Input Block Start

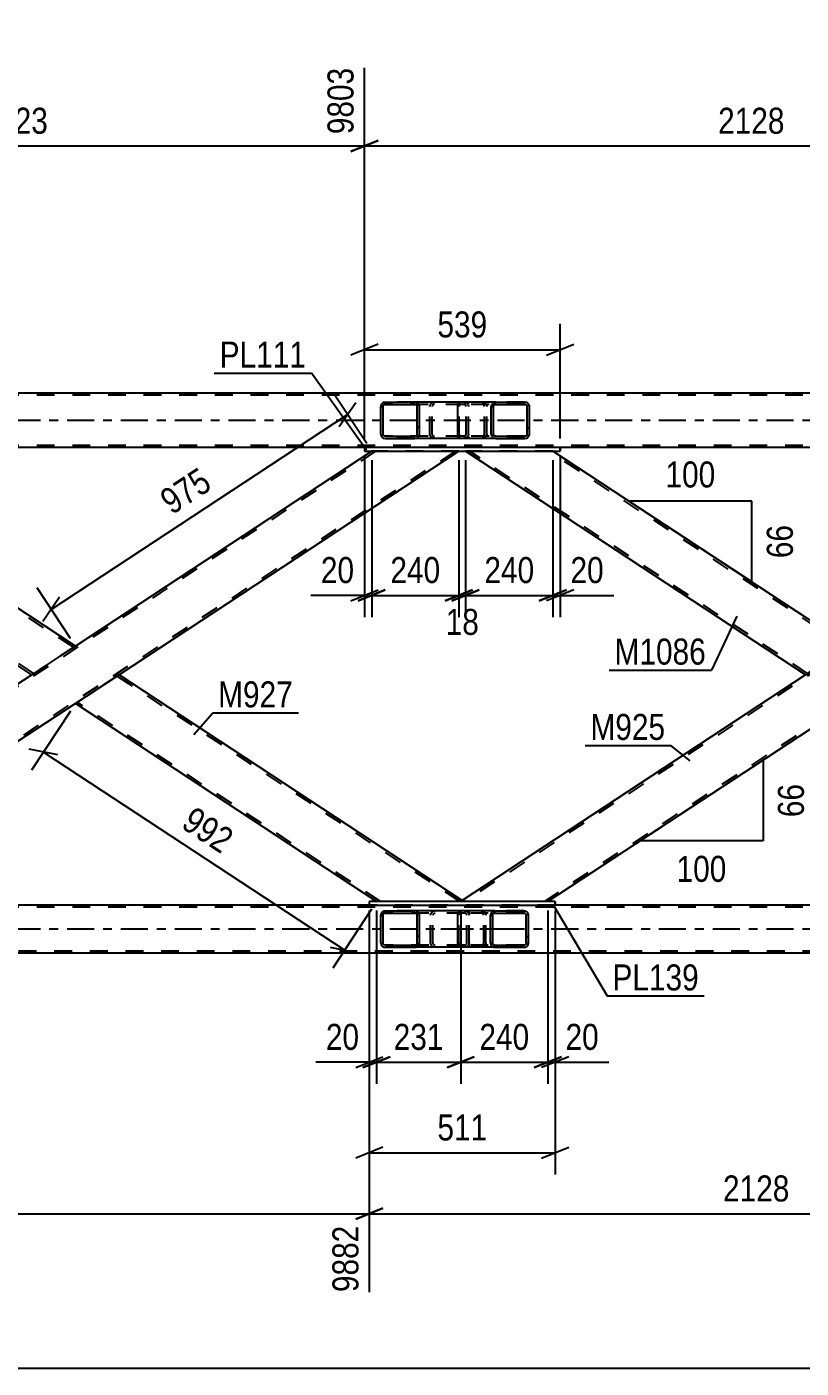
# Model space of a CAD drawing. Header units: millimetres. Extents: x -777 to 412, y -850 to -9.
# Drawn here: x -328.9 to -243.8, y -586.5 to -438.9 of the extents above; entities that cross this region are included whole.
import ezdxf

# ---------------------------------------------------------------- set-up
doc = ezdxf.new("R2010")
doc.units = ezdxf.units.MM
doc.linetypes.add('DXK_LINE_DOT2', pattern=[3.9198, 1.9599, -1.9599])
doc.linetypes.add('DXK_LINE_DOT3', pattern=[5.9187, 2.979, -0.9799, 0.9799, -0.9799])
doc.styles.add('Arial Narrow', font='ARIALN.TTF', dxfattribs={"height": 0.2})

# ---------------------------------------------------------------- blocks, each defined once
blk = doc.blocks.new('Part-570390744-5898 - 5775')
at = {"linetype": 'Continuous'}
h = blk.add_hatch(dxfattribs=at)
h.set_pattern_fill('', scale=0.7, style=0, pattern_type=0)
h.set_pattern_definition([(45, (-277.9148, -539.858), (-1.57154, 1.57154), [])])
h.paths.add_polyline_path([(-277.95, -539.67), (-277.91, -539.86), (-277.81, -540.01), (-277.64, -540.12), (-277.45, -540.15), (-274.27, -540.15), (-274.07, -540.12), (-273.91, -540.01), (-273.8, -539.86), (-273.76, -539.67), (-273.76, -536.63), (-273.8, -536.45), (-273.91, -536.29), (-274.07, -536.19), (-274.27, -536.15), (-277.45, -536.15), (-277.64, -536.19), (-277.81, -536.29), (-277.91, -536.45), (-277.95, -536.63)])
h.paths.add_polyline_path([(-277.68, -536.54), (-277.63, -536.46), (-277.55, -536.41), (-277.45, -536.39), (-274.27, -536.39), (-274.17, -536.41), (-274.09, -536.46), (-274.03, -536.54), (-274.01, -536.63), (-274.01, -539.67), (-274.03, -539.77), (-274.09, -539.84), (-274.17, -539.9), (-274.27, -539.91), (-277.45, -539.91), (-277.55, -539.9), (-277.63, -539.84), (-277.68, -539.77), (-277.7, -539.67), (-277.7, -536.63)])
at = {"color": 2, "linetype": 'Continuous'}
for p, q in [((-281.55, -536.63), (-281.53, -536.45)), ((-281.55, -539.67), (-281.55, -536.63)), ((-281.53, -536.45), (-281.47, -536.29)), ((-281.47, -536.29), (-281.38, -536.19)), ((-281.38, -536.19), (-281.28, -536.15)), ((-277.45, -536.15), (-281.28, -536.15)), ((-277.91, -536.45), (-277.95, -536.63)), ((-277.95, -539.67), (-277.95, -536.63)), ((-277.7, -536.63), (-277.68, -536.54)), ((-277.7, -539.67), (-277.7, -536.63)), ((-277.68, -536.54), (-277.63, -536.46)), ((-277.45, -536.15), (-277.64, -536.19)), ((-277.63, -536.46), (-277.55, -536.41)), ((-277.55, -536.41), (-277.45, -536.39)), ((-277.45, -536.15), (-274.27, -536.15)), ((-277.45, -536.39), (-274.27, -536.39)), ((-274.07, -536.19), (-274.27, -536.15)), ((-274.27, -536.39), (-274.17, -536.41)), ((-274.17, -536.41), (-274.09, -536.46)), ((-274.09, -536.46), (-274.03, -536.54)), ((-274.03, -536.54), (-274.01, -536.63)), ((-274.01, -539.67), (-274.01, -536.63)), ((-273.76, -536.63), (-273.8, -536.45)), ((-273.76, -539.67), (-273.76, -536.63)), ((-281.53, -539.86), (-281.55, -539.67)), ((-281.47, -540.01), (-281.53, -539.86)), ((-281.38, -540.12), (-281.47, -540.01)), ((-281.28, -540.15), (-281.38, -540.12)), ((-277.45, -540.15), (-281.28, -540.15)), ((-277.95, -539.67), (-277.91, -539.86)), ((-277.68, -539.77), (-277.7, -539.67)), ((-277.63, -539.84), (-277.68, -539.77)), ((-277.64, -540.12), (-277.45, -540.15)), ((-277.55, -539.9), (-277.63, -539.84)), ((-277.45, -539.91), (-277.55, -539.9)), ((-277.45, -539.91), (-274.27, -539.91)), ((-277.45, -540.15), (-274.27, -540.15)), ((-274.17, -539.9), (-274.27, -539.91)), ((-274.27, -540.15), (-274.07, -540.12)), ((-274.09, -539.84), (-274.17, -539.9)), ((-274.03, -539.77), (-274.09, -539.84)), ((-274.01, -539.67), (-274.03, -539.77)), ((-273.8, -539.86), (-273.76, -539.67))]:
    blk.add_line(p, q, dxfattribs=at)
at = {"color": 7, "linetype": 'DXK_LINE_DOT2'}
for p, q in [((-281.41, -536.54), (-281.42, -536.63)), ((-281.42, -539.67), (-281.42, -536.63)), ((-281.38, -536.46), (-281.41, -536.54)), ((-281.33, -536.41), (-281.38, -536.46)), ((-281.28, -536.39), (-281.33, -536.41)), ((-274.27, -536.39), (-281.28, -536.39)), ((-280.29, -536.39), (-280.29, -536.15)), ((-278.95, -536.15), (-278.75, -536.19)), ((-278.85, -536.41), (-278.95, -536.39)), ((-278.77, -536.46), (-278.85, -536.41)), ((-278.71, -536.54), (-278.77, -536.46)), ((-278.69, -536.63), (-278.71, -536.54)), ((-278.69, -539.67), (-278.69, -536.63)), ((-278.48, -536.45), (-278.44, -536.63)), ((-278.44, -539.67), (-278.44, -536.63)), ((-274.27, -536.15), (-277.45, -536.15)), ((-281.42, -539.67), (-281.41, -539.77)), ((-281.41, -539.77), (-281.38, -539.84)), ((-281.38, -539.84), (-281.33, -539.9)), ((-281.33, -539.9), (-281.28, -539.91)), ((-274.27, -539.91), (-281.28, -539.91)), ((-280.29, -540.15), (-280.29, -539.91)), ((-278.95, -539.91), (-278.85, -539.9)), ((-278.75, -540.12), (-278.95, -540.15)), ((-278.85, -539.9), (-278.77, -539.84)), ((-278.77, -539.84), (-278.71, -539.77)), ((-278.71, -539.77), (-278.69, -539.67)), ((-278.44, -539.67), (-278.48, -539.86)), ((-274.27, -540.15), (-277.45, -540.15))]:
    blk.add_line(p, q, dxfattribs=at)
at = {"color": 7, "linetype": 'DXK_LINE_DOT3'}
blk.add_line((-275.86, -538.15), (-283.4, -538.15), dxfattribs=at)
at = {"color": 7, "linetype": 'DXK_LINE_DOT2'}
for centre, start, end in [((-278.93, -536.65), 23.8494, 68.8059), ((-278.93, -539.66), 291.1941, 336.1506)]:
    blk.add_arc(centre, 0.492, start, end, dxfattribs=at)
at = {"color": 2, "linetype": 'Continuous'}
for centre, start, end in [((-277.46, -536.65), 111.1941, 156.1506), ((-274.25, -536.65), 23.8494, 68.8059), ((-277.46, -539.66), 203.8494, 248.8059), ((-274.25, -539.66), 291.1941, 336.1506)]:
    blk.add_arc(centre, 0.492, start, end, dxfattribs=at)
blk = doc.blocks.new('Part-570390744-5867 - 5775')
at = {"color": 7, "linetype": 'DXK_LINE_DOT2'}
for p, q in [((-290.58, -485.56), (-364.33, -534.07)), ((-281.84, -485.56), (-357.19, -535.11)), ((-281.41, -485.56), (-291.01, -485.56)), ((-323.61, -507), (-328.41, -510.16)), ((-318.8, -510.16), (-323.61, -513.32)), ((-364.33, -533.82), (-364.33, -533.78)), ((-364.33, -533.82), (-364.33, -533.86)), ((-364.33, -533.86), (-364.33, -533.82)), ((-356.75, -535.11), (-364.33, -535.11))]:
    blk.add_line(p, q, dxfattribs=at)
at = {"color": 2, "linetype": 'Continuous'}
for p, q in [((-291.01, -485.56), (-323.61, -507)), ((-281.41, -485.56), (-318.8, -510.16)), ((-328.41, -510.16), (-364.33, -533.78)), ((-323.61, -513.32), (-356.75, -535.11)), ((-364.33, -533.86), (-364.33, -535.11))]:
    blk.add_line(p, q, dxfattribs=at)
blk = doc.blocks.new('Part-570390744-5820 - 5775')
at = {"color": 7, "linetype": 'DXK_LINE_DOT2'}
for p, q in [((-205.44, -485.56), (-280.79, -535.11)), ((-198.46, -485.56), (-205.88, -485.56)), ((-198.46, -486.71), (-272.05, -535.11)), ((-198.46, -486.42), (-198.46, -486.99)), ((-238.47, -507), (-243.28, -510.16)), ((-233.67, -510.16), (-238.47, -513.32)), ((-281.04, -535), (-281.22, -535.11)), ((-271.62, -535.11), (-281.22, -535.11))]:
    blk.add_line(p, q, dxfattribs=at)
at = {"color": 2, "linetype": 'Continuous'}
for p, q in [((-205.88, -485.56), (-238.47, -507)), ((-198.46, -485.56), (-198.46, -486.92)), ((-198.46, -486.99), (-233.67, -510.16)), ((-243.28, -510.16), (-281.04, -535)), ((-238.47, -513.32), (-271.62, -535.11))]:
    blk.add_line(p, q, dxfattribs=at)
blk = doc.blocks.new('Part-570390744-5836 - 5775')
at = {"linetype": 'Continuous'}
h = blk.add_hatch(dxfattribs=at)
h.set_pattern_fill('', scale=0.7, style=0, pattern_type=0)
h.set_pattern_definition([(45, (-289.9715, -539.858), (-1.57154, 1.57154), [])])
h.paths.add_polyline_path([(-290.01, -539.67), (-289.97, -539.86), (-289.86, -540.01), (-289.7, -540.12), (-289.5, -540.15), (-286.26, -540.15), (-286.07, -540.12), (-285.9, -540.01), (-285.79, -539.86), (-285.75, -539.67), (-285.75, -536.63), (-285.79, -536.45), (-285.9, -536.29), (-286.07, -536.19), (-286.26, -536.15), (-289.5, -536.15), (-289.7, -536.19), (-289.86, -536.29), (-289.97, -536.45), (-290.01, -536.63)])
h.paths.add_polyline_path([(-289.74, -536.54), (-289.68, -536.46), (-289.6, -536.41), (-289.5, -536.39), (-286.26, -536.39), (-286.17, -536.41), (-286.08, -536.46), (-286.03, -536.54), (-286.01, -536.63), (-286.01, -539.67), (-286.03, -539.77), (-286.08, -539.84), (-286.17, -539.9), (-286.26, -539.91), (-289.5, -539.91), (-289.6, -539.9), (-289.68, -539.84), (-289.74, -539.77), (-289.75, -539.67), (-289.75, -536.63)])
at = {"color": 2, "linetype": 'Continuous'}
for p, q in [((-289.97, -536.45), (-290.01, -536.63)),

Input Block End

[Requirement] Output should match, line for line, the stretch of the material above from the line holding "blk = doc.blocks.new('Part-570390744-5898" through the line holding "(-277.9148, -539.858), (-1.57154, 1.57154), [])])".

[Completed task]
blk = doc.blocks.new('Part-570390744-5898 - 5775')
at = {"linetype": 'Continuous'}
h = blk.add_hatch(dxfattribs=at)
h.set_pattern_fill('', scale=0.7, style=0, pattern_type=0)
h.set_pattern_definition([(45, (-277.9148, -539.858), (-1.57154, 1.57154), [])])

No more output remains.